Um piano com pulgas morde a própria cauda

Vivace — Lento Maestoso — Allegro — Quasi Doppio Movimento — Poco Adagio — Vivace non Troppo — Vivace — Vivace — Vivace — Vivace — Andante — Vivace non Troppo — Allegretto — Andante Moderato — Vivace — Vivace — Allegretto Scherzando — Quasi Tempo di Marcia — Allegro — Vivace — Vivace — Vivace — Lento Maestoso.

Gralha

No sábado, na apresentação de um livro muito querido, descobrimos uma gralha.

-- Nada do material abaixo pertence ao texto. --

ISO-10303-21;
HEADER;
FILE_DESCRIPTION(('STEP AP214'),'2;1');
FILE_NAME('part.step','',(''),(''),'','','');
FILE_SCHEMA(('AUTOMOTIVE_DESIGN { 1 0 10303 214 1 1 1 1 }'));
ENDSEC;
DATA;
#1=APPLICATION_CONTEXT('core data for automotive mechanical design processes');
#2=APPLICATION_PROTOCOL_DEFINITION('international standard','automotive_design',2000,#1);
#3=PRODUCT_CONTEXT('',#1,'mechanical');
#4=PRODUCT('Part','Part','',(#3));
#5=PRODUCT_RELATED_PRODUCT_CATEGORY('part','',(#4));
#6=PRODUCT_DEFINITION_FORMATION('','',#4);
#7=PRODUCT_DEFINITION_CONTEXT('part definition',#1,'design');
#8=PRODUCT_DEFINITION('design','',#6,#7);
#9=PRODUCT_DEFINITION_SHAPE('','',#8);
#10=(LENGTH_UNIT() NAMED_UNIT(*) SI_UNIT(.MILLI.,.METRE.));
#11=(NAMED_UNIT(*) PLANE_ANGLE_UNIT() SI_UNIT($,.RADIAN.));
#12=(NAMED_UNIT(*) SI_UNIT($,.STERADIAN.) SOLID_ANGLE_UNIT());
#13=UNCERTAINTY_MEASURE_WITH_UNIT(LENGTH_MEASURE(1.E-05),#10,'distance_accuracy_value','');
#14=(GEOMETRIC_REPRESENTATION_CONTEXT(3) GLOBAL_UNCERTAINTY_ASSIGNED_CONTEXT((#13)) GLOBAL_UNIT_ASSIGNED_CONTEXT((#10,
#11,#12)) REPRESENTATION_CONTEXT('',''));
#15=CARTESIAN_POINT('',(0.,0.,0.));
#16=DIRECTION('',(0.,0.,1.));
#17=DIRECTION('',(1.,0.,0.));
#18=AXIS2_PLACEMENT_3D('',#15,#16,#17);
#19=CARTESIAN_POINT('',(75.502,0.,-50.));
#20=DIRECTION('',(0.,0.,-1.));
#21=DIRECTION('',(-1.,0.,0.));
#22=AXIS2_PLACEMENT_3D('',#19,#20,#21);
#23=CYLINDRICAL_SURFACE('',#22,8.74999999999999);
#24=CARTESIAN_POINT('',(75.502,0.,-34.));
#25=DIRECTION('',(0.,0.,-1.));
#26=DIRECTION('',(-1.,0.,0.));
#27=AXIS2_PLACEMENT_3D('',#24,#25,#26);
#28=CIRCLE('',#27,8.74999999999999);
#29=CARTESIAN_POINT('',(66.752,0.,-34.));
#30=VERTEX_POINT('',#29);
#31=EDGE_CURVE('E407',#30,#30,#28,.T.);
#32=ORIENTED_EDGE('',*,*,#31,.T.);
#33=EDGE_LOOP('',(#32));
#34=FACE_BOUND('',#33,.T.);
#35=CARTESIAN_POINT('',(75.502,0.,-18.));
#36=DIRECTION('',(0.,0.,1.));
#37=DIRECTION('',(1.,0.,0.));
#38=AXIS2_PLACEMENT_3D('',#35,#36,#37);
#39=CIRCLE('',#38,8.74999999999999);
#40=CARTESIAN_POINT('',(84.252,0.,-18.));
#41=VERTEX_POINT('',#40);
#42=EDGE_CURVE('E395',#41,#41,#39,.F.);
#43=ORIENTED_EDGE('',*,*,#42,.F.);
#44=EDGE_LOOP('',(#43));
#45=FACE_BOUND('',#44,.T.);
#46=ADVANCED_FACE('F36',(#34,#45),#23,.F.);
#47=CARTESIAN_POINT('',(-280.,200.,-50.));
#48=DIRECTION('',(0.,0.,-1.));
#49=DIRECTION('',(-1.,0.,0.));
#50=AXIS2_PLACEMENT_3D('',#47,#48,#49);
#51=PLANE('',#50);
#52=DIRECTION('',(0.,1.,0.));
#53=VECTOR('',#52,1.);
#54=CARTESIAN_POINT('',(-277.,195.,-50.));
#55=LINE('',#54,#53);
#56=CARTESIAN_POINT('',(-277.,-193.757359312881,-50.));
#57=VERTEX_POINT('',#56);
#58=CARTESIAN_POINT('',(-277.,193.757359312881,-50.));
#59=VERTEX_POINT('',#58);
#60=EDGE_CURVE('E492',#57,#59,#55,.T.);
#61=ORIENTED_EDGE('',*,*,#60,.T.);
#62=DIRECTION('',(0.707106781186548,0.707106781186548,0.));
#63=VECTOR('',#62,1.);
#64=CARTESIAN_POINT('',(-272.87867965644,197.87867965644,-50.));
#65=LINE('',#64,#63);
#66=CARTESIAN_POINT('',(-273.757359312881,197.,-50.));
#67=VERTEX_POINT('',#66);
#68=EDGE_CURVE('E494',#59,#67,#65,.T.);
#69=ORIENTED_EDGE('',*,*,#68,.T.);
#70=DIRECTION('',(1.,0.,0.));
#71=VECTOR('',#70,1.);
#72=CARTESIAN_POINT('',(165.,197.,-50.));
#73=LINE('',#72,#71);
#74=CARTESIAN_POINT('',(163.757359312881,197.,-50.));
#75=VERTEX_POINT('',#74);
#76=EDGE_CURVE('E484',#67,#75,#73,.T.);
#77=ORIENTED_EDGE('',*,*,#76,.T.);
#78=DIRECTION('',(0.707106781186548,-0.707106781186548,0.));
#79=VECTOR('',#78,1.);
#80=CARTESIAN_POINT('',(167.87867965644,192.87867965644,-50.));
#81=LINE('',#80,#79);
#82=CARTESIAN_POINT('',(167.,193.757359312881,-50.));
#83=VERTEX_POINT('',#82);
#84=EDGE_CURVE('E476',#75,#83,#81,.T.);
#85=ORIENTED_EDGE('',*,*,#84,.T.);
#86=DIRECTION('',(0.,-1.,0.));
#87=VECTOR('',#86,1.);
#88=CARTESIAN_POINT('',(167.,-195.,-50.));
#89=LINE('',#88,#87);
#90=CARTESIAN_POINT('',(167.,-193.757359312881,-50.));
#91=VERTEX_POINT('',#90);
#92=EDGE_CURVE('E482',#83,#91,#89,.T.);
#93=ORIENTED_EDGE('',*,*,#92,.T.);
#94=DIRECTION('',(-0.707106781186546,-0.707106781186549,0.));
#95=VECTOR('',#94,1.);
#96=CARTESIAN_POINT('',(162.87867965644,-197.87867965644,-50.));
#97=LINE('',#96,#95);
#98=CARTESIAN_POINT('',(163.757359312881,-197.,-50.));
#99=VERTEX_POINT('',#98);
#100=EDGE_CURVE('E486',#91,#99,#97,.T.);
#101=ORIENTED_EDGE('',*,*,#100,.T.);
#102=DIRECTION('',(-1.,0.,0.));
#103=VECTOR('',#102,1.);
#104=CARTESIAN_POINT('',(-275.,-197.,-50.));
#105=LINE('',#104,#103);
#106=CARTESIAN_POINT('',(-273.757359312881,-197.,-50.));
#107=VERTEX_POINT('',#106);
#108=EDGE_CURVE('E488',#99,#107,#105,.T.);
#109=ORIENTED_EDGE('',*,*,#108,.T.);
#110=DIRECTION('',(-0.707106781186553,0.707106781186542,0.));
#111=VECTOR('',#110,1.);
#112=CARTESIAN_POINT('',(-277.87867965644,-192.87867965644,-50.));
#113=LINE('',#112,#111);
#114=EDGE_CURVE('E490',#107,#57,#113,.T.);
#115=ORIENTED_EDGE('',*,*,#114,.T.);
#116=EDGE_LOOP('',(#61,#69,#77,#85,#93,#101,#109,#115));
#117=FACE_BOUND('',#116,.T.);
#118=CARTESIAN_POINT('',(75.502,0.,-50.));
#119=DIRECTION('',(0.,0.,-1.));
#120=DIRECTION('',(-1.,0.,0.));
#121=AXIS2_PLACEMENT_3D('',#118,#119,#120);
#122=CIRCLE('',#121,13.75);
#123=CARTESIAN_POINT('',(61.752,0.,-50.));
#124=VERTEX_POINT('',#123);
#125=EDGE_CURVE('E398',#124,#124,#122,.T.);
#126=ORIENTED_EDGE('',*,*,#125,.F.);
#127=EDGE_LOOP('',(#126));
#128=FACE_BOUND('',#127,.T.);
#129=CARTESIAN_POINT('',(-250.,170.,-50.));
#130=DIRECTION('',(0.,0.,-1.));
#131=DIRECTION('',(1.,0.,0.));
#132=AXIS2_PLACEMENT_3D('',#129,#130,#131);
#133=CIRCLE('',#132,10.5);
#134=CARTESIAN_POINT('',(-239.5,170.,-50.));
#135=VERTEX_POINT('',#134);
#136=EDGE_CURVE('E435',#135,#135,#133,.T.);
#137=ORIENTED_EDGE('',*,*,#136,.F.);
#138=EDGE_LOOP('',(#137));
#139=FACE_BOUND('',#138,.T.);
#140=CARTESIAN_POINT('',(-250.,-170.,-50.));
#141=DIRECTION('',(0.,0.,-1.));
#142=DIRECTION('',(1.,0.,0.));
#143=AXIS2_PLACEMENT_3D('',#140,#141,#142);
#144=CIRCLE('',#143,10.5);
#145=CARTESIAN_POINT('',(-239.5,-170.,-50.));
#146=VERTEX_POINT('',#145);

A frase que está impressa na página 14, e que escapou a três ou quatro revisões, diz o seguinte: «Um templo, cujos muros estão cobertos de emblemas, imagens e mandamentos da divindade.» E a versão correcta é: «Um tempo, cujos muros estão cobertos de emblemas, imagens e mandamentos da divindade.» Um templo e um tempo . Será realmente uma gralha?

Gandula

Traduzir deixa-nos uma série de manias. Agora, quando estou a ler uma tradução, qualquer uma, tendo a substituir, alterar a ordem e até a riscar algumas palavras que me parecem a mais.  Como acontece com os vícios, isto já alastrou para os livros escritos em português. Transformei-me numa apanha-bolas (tem qualquer coisa a ver com Godard, mas já não me lembro o quê). No Brasil diz-se gandula .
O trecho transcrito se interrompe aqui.